## WHAT YOU WILL DO
All records are to be reproduced verbatim, with images omitted.

## TASK DATA
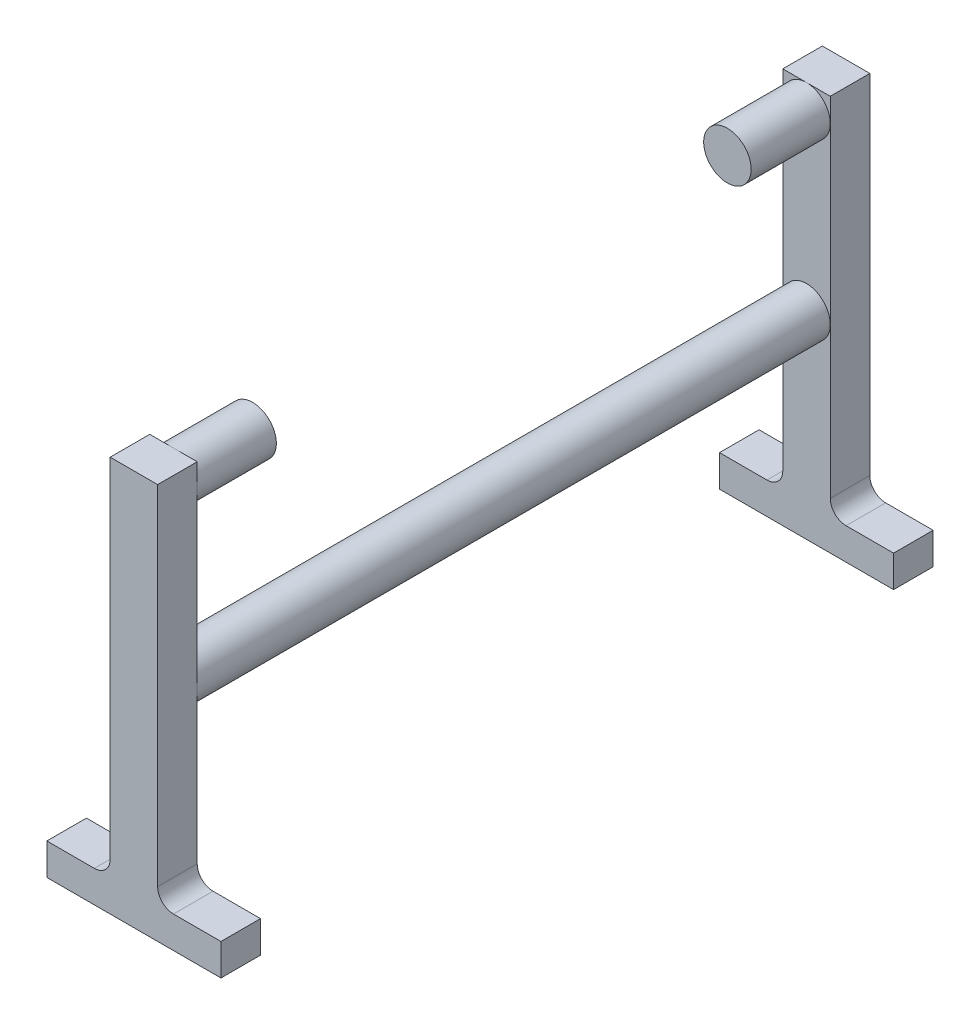
from build123d import *

# Parameters (mm, degrees)
SKETCH1_R            = 3
BOSS_EXTRUDE1_DEPTH  = 40
SKETCH2_W            = 6
SKETCH2_H            = 50
BOSS_EXTRUDE2_DEPTH  = 5
SKETCH9_W            = 22
SKETCH9_H            = 5
BOSS_EXTRUDE5_DEPTH  = 4
FILLET1_R            = 2
SKETCH11_R           = 3
BOSS_EXTRUDE7_DEPTH  = 10
FILLET1_OF_MIRROR5_R = 2


with BuildPart() as part:
    # Sketch1 → Boss-Extrude1 (new, symmetric)
    with BuildSketch(Plane.XY):
        Circle(SKETCH1_R)
    extrude(amount=BOSS_EXTRUDE1_DEPTH, both=True)

    # Sketch2 → Boss-Extrude2 (add)
    with BuildSketch(Plane.XY.offset(40)):
        Rectangle(SKETCH2_W, SKETCH2_H)
    boss_extrude2 = extrude(amount=BOSS_EXTRUDE2_DEPTH)

    # Sketch9 → Boss-Extrude5 (add)
    with BuildSketch(Plane.XZ.offset(25)):
        with Locations((0, 42.5)):
            Rectangle(SKETCH9_W, SKETCH9_H)
    boss_extrude5 = extrude(amount=-BOSS_EXTRUDE5_DEPTH)

    # Fillet1
    fillet1_edges = [part.edges().sort_by_distance(p)[0] for p in [
        (-3, -21, 42.5),
        (3, -21, 42.5),
    ]]
    fillet(fillet1_edges, radius=FILLET1_R)

    # Sketch11 → Boss-Extrude7 (add)
    with BuildSketch(Plane(origin=(0, 0, 40), x_dir=(-1, 0, 0), z_dir=(0, 0, -1))):
        with Locations((0, 22)):
            Circle(SKETCH11_R)
    boss_extrude7 = extrude(amount=BOSS_EXTRUDE7_DEPTH)

    # Mirror5: Boss-Extrude2, Boss-Extrude5, Boss-Extrude7 across plane
    add(boss_extrude2.mirror(Plane.XY))
    add(boss_extrude5.mirror(Plane.XY))
    add(boss_extrude7.mirror(Plane.XY))

    # Fillet1 of Mirror5
    fillet1_of_mirror5_edges = [part.edges().sort_by_distance(p)[0] for p in [
        (-3, -21, -42.5),
        (3, -21, -42.5),
    ]]
    fillet(fillet1_of_mirror5_edges, radius=FILLET1_OF_MIRROR5_R)

    # Mirror1: Boss-Extrude2 across plane
    add(boss_extrude2.mirror(Plane.XY))


solid = part.part

## EXERCISE ANSWER
from build123d import *

# Parameters (mm, degrees)
SKETCH1_R            = 3
BOSS_EXTRUDE1_DEPTH  = 40
SKETCH2_W            = 6
SKETCH2_H            = 50
BOSS_EXTRUDE2_DEPTH  = 5
SKETCH9_W            = 22
SKETCH9_H            = 5
BOSS_EXTRUDE5_DEPTH  = 4
FILLET1_R            = 2
SKETCH11_R           = 3
BOSS_EXTRUDE7_DEPTH  = 10
FILLET1_OF_MIRROR5_R = 2


with BuildPart() as part:
    # Sketch1 → Boss-Extrude1 (new, symmetric)
    with BuildSketch(Plane.XY):
        Circle(SKETCH1_R)
    extrude(amount=BOSS_EXTRUDE1_DEPTH, both=True)

    # Sketch2 → Boss-Extrude2 (add)
    with BuildSketch(Plane.XY.offset(40)):
        Rectangle(SKETCH2_W, SKETCH2_H)
    boss_extrude2 = extrude(amount=BOSS_EXTRUDE2_DEPTH)

    # Sketch9 → Boss-Extrude5 (add)
    with BuildSketch(Plane.XZ.offset(25)):
        with Locations((0, 42.5)):
            Rectangle(SKETCH9_W, SKETCH9_H)
    boss_extrude5 = extrude(amount=-BOSS_EXTRUDE5_DEPTH)

    # Fillet1
    fillet1_edges = [part.edges().sort_by_distance(p)[0] for p in [
        (-3, -21, 42.5),
        (3, -21, 42.5),
    ]]
    fillet(fillet1_edges, radius=FILLET1_R)

    # Sketch11 → Boss-Extrude7 (add)
    with BuildSketch(Plane(origin=(0, 0, 40), x_dir=(-1, 0, 0), z_dir=(0, 0, -1))):
        with Locations((0, 22)):
            Circle(SKETCH11_R)
    boss_extrude7 = extrude(amount=BOSS_EXTRUDE7_DEPTH)

    # Mirror5: Boss-Extrude2, Boss-Extrude5, Boss-Extrude7 across plane
    add(boss_extrude2.mirror(Plane.XY))
    add(boss_extrude5.mirror(Plane.XY))
    add(boss_extrude7.mirror(Plane.XY))

    # Fillet1 of Mirror5
    fillet1_of_mirror5_edges = [part.edges().sort_by_distance(p)[0] for p in [
        (-3, -21, -42.5),
        (3, -21, -42.5),
    ]]
    fillet(fillet1_of_mirror5_edges, radius=FILLET1_OF_MIRROR5_R)

    # Mirror1: Boss-Extrude2 across plane
    add(boss_extrude2.mirror(Plane.XY))


solid = part.part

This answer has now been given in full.